If you would do anything over again, what would that be?  

To have started sooner! 

As a traveller, what is your style of travel? Do you go budget friendly or live life luxuriously? 

We like to splurge on experiences, but when it comes to everything else we’ll go mid-range to save money. I’ve found that this is a pretty good balance – I would rather stay in a cheaper hotel room, and cook my own food overeating out, if it meant freeing up money for skydiving, or tracking tigers in the wild on a jungle safari. After all, nobody really remembers their hotel rooms, or the food – you remember the experiences. 

How do you keep the budget under control?  

By planning it out in advance. Before we even pick the place we want to travel, we make sure we know what our spending limit is. We figure out what we want to spend and then plan our holiday accordingly: not the other way around.

Which country has impacted you the most as a traveller? Tell me why.

This would easily be Antarctica. 10 years of travel has made me cynical about destinations which come with a lot of hype. Building impossible expectations of what a place will be like means the reality almost always falls short – you can ruin a destination by building it up in your mind. So I was naturally apprehensive of traveling to Antarctica, but as it turns out, the hyperbolic praise isn’t exaggerated. 

Antarctica lives up to and actually surpasses the hype. I would even go as far as to say it’s undersold. 
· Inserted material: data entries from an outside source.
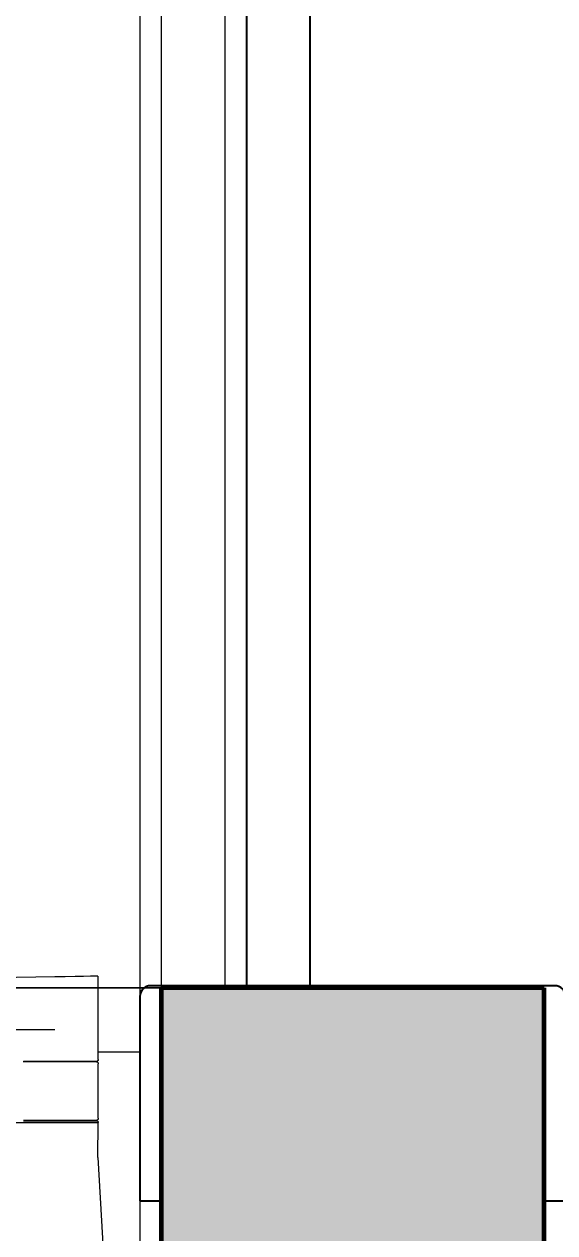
# Model space of a CAD drawing. Header units: millimetres. Extents: x -23755 to 62003, y -3000 to 6760.
# Drawn here: x 5789 to 6038, y 1285 to 1852 of the extents above; entities that cross this region are included whole.
import ezdxf

# ---------------------------------------------------------------- set-up
doc = ezdxf.new("R2010")
doc.units = ezdxf.units.MM
for name, color, linetype, lineweight in [('A-ANNO-DIMS', 211, 'Continuous', 9), ('A-ANNO-DIMS-50', 211, 'Continuous', 9), ('A-DOOR', 31, 'Continuous', 9), ('A-GLAZ', 151, 'Continuous', 9), ('A-WALL', 113, 'Continuous', 25), ('A-WALL-PATT', 111, 'Continuous', 25), ('Corrimãos superiores', 7, 'Continuous', 9), ('P-SANR-FIXT', 6, 'Continuous', 9), ('Q-CASE', 31, 'Continuous', 9)]:
    doc.layers.add(name, color=color, linetype=linetype, lineweight=lineweight)
doc.styles.add('@Arial Unicode MS', font='', dxfattribs={"height": 100})
doc.styles.get('@Arial Unicode MS').set_extended_font_data('@Arial Unicode MS')
doc.dimstyles.new('CRT_-__Metros_-_Linha_de_chamada_3_5_mm', dxfattribs={"dimscale": 304.8, "dimtxt": 100.584485, "dimasz": 0.328084, "dimexe": 0.164042, "dimexo": 0.0625, "dimgap": 0.082021, "dimtad": 1, "dimdec": 0, "dimlfac": 0.1, "dimdsep": 46, "dimtxsty": '@Arial Unicode MS', "dimblk1": 'OBLIQUE', "dimblk2": 'OBLIQUE', "dimsah": 1, "dimcen": 0.09, "dimdle": 0.164042, "dimazin": 0, "dimtfac": 1, "dimtdec": 4, "dimtix": 1, "dimtmove": 0, "dimatfit": 3, "dimfxl": 0.984252, "dimfxlon": 1, "dimtvp": 1, "dimtolj": 1, "dimtzin": 0, "dimarcsym": 2})
doc.dimstyles.new('CRT_-__Metros_-_Linha_de_chamada_3_5_mm_1', dxfattribs={"dimscale": 304.8, "dimtxt": 100.584485, "dimasz": 0.328084, "dimexe": 0.164042, "dimexo": 0.0625, "dimgap": 0.082021, "dimtad": 1, "dimlfac": 0.001, "dimrnd": 0.01, "dimzin": 0, "dimdsep": 46, "dimtxsty": '@Arial Unicode MS', "dimblk1": 'OBLIQUE', "dimblk2": 'OBLIQUE', "dimsah": 1, "dimcen": 0.09, "dimdle": 0.164042, "dimazin": 0, "dimtfac": 1, "dimtdec": 4, "dimtix": 1, "dimtmove": 0, "dimatfit": 3, "dimfxl": 0.984252, "dimfxlon": 1, "dimtvp": 1, "dimtolj": 1, "dimtzin": 0, "dimarcsym": 2})

# ---------------------------------------------------------------- blocks, each defined once
blk = doc.blocks.new('CRT_JAN_Correr_Vidro e Madeira_4 Folhas - 240x90 cm p 120-4151385-B')
at = {"layer": 'A-GLAZ'}
for p, q in [((-7254.62, 2304), (-7254.62, 1396)), ((-7244.62, 2300), (-7244.62, 1400)), ((-7214.62, 1400), (-7214.62, 2300)), ((-7244.62, 1400), (-7214.62, 1400))]:
    blk.add_line(p, q, dxfattribs=at)
at = {"layer": 'A-GLAZ', "lineweight": 25}
for p, q in [((-7204.62, 2300), (-7204.62, 1400)), ((-7174.62, 1400), (-7174.62, 2300)), ((-7059.62, 1401), (-7249.62, 1401)), ((-7244.62, 1300), (-7244.62, 1400)), ((-7244.62, 1400), (-7064.62, 1400)), ((-7204.62, 1400), (-7174.62, 1400)), ((-7064.62, 1400), (-7064.62, 1300)), ((-7254.62, 1396), (-7254.62, 1300)), ((-7254.62, 1300), (-7244.62, 1300)), ((-7064.62, 1300), (-7054.62, 1300))]:
    blk.add_line(p, q, dxfattribs=at)
for centre, start, end in [((-7249.62, 1396), 90, 180), ((-7059.62, 1396), 0, 90)]:
    blk.add_arc(centre, 5, start, end, dxfattribs=at)
at = {"layer": 'A-GLAZ'}
for points, knots in [([(-7254.62, 1396), (-7254.62, 1396.45), (-7254.53, 1397.09), (-7254.25, 1397.92), (-7254.01, 1398.41), (-7253.78, 1398.78), (-7253.53, 1399.14), (-7253.24, 1399.46), (-7252.92, 1399.76), (-7252.58, 1400.04), (-7252.13, 1400.34), (-7251.54, 1400.63), (-7250.71, 1400.91), (-7250.06, 1401), (-7249.62, 1401)], [0, 0, 0, 0, 0.166667, 0.25, 0.333333, 0.375, 0.416667, 0.5, 0.541667, 0.583333, 0.666667, 0.75, 0.833333, 1, 1, 1, 1]), ([(-7059.62, 1401), (-7059.18, 1401), (-7058.53, 1400.91), (-7057.7, 1400.63), (-7057.11, 1400.34), (-7056.66, 1400.04), (-7056.32, 1399.76), (-7056, 1399.46), (-7055.64, 1399.05), (-7055.34, 1398.6), (-7055.13, 1398.21), (-7054.95, 1397.81), (-7054.71, 1397.09), (-7054.62, 1396.45), (-7054.62, 1396)], [0, 0, 0, 0, 0.166667, 0.25, 0.333333, 0.416667, 0.458333, 0.5, 0.583333, 0.666667, 0.708333, 0.75, 0.833333, 1, 1, 1, 1])]:
    blk.add_open_spline(points, degree=3, knots=knots, dxfattribs=at)
blk = doc.blocks.new('Tipo de corrimão superior - Corrimão superior_Interno_-3444834-B')
at = {"layer": 'Corrimãos superiores'}
for p, q in [((-7254.62, 1400), (-7274.35, 1400)), ((-7274.23, 1370), (-7254.62, 1370))]:
    blk.add_line(p, q, dxfattribs=at)
blk = doc.blocks.new('Blks_Coz_Bancada para Banquetas - Madeira-3512688-B')
at = {"layer": 'Q-CASE'}
h = blk.add_hatch(dxfattribs=at)
h.set_pattern_fill('FP_11', color=256, style=0, pattern_type=2)
h.set_pattern_definition([(0, (-627.43, 2115.08), (406.4, 101.6), [16.764, -288.036, 16.764, -288.036, -1625.6]), (0, (-627.43, 2115.08), (406.4, 101.6), [-609.6, 16.764, -592.836, 16.764, -288.036, -711.2]), (0, (-627.43, 2115.08), (406.4, 101.6), [-1524, 16.764, -186.436, 16.764, -491.236]), (120, (-475.03, 2165.88), (-291.1882, 301.1527), [16.764, -288.036, 16.764, -288.036, -1625.6]), (120, (-475.03, 2165.88), (-291.1882, 301.1527), [-609.6, 16.764, -592.836, 16.764, -288.036, -711.2]), (120, (-475.03, 2165.88), (-291.1882, 301.1527), [-1524, 16.764, -186.436, 16.764, -491.236]), (240, (-424.23, 2369.08), (-115.2118, -402.7527), [16.764, -288.036, 16.764, -288.036, -1625.6]), (240, (-424.23, 2369.08), (-115.2118, -402.7527), [-609.6, 16.764, -592.836, 16.764, -288.036, -711.2]), (240, (-424.23, 2369.08), (-115.2118, -402.7527), [-1524, 16.764, -186.436, 16.764, -491.236])])
h.paths.add_polyline_path([(-7042.42, 1260), (-7042.42, 1300), (-7064.62, 1300), (-7064.62, 1260), (-7054.62, 1260)])
h.paths.add_polyline_path([(-3564.62, 1260), (-3564.62, 1300), (-7006.82, 1299.43), (-7006.82, 1260), (-3808.9, 1260)])
blk = doc.blocks.new('Porta correr 4 folhas - 420 x 210-3586394-B')
at = {"layer": 'A-DOOR'}
blk.add_line((-7254.62, 1300), (-7254.62, 1250), dxfattribs=at)
blk = doc.blocks.new('Blks_Coz Docol_Misturador Monocomando com Filtro - Cromado-3969051-B')
at = {"layer": 'P-SANR-FIXT', "color": 55}
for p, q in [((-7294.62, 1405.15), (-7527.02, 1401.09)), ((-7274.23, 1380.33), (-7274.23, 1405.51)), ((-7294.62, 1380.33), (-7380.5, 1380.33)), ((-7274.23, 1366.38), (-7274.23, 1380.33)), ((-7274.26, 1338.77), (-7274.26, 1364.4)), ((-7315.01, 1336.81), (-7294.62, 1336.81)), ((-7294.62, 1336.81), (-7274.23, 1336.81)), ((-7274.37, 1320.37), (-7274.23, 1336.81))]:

The continent is as remote and pristine as you have ever seen and evokes such a sense of raw emotion that can’t be captured or conveyed. There are few places in the world where you can feel completely removed from civilization, though this is definitely one of them. It’s immaculate and unspoiled nature unlike anywhere else on earth; a faultless landscape which is dramatic and powerful, though at the same time, fragile and pure. Antarctica is a place that such a small percentage of people have a chance to visit that we are still left speechless by its photographs. This however fails in comparison to seeing its grandeur in person. It truly touches the depths of your soul. 

Tell me your best travel tip! 

Always carry a spare change of clothes in your carry on – including clean underwear! It usually only takes 24 – 48 hours for lost luggage to be returned to you, but if it does happen, having a spare change of clothes is a LIFE SAVER (trust me, I’ve had to walk around Italy wearing my husband’s briefs as underwear before!!!!).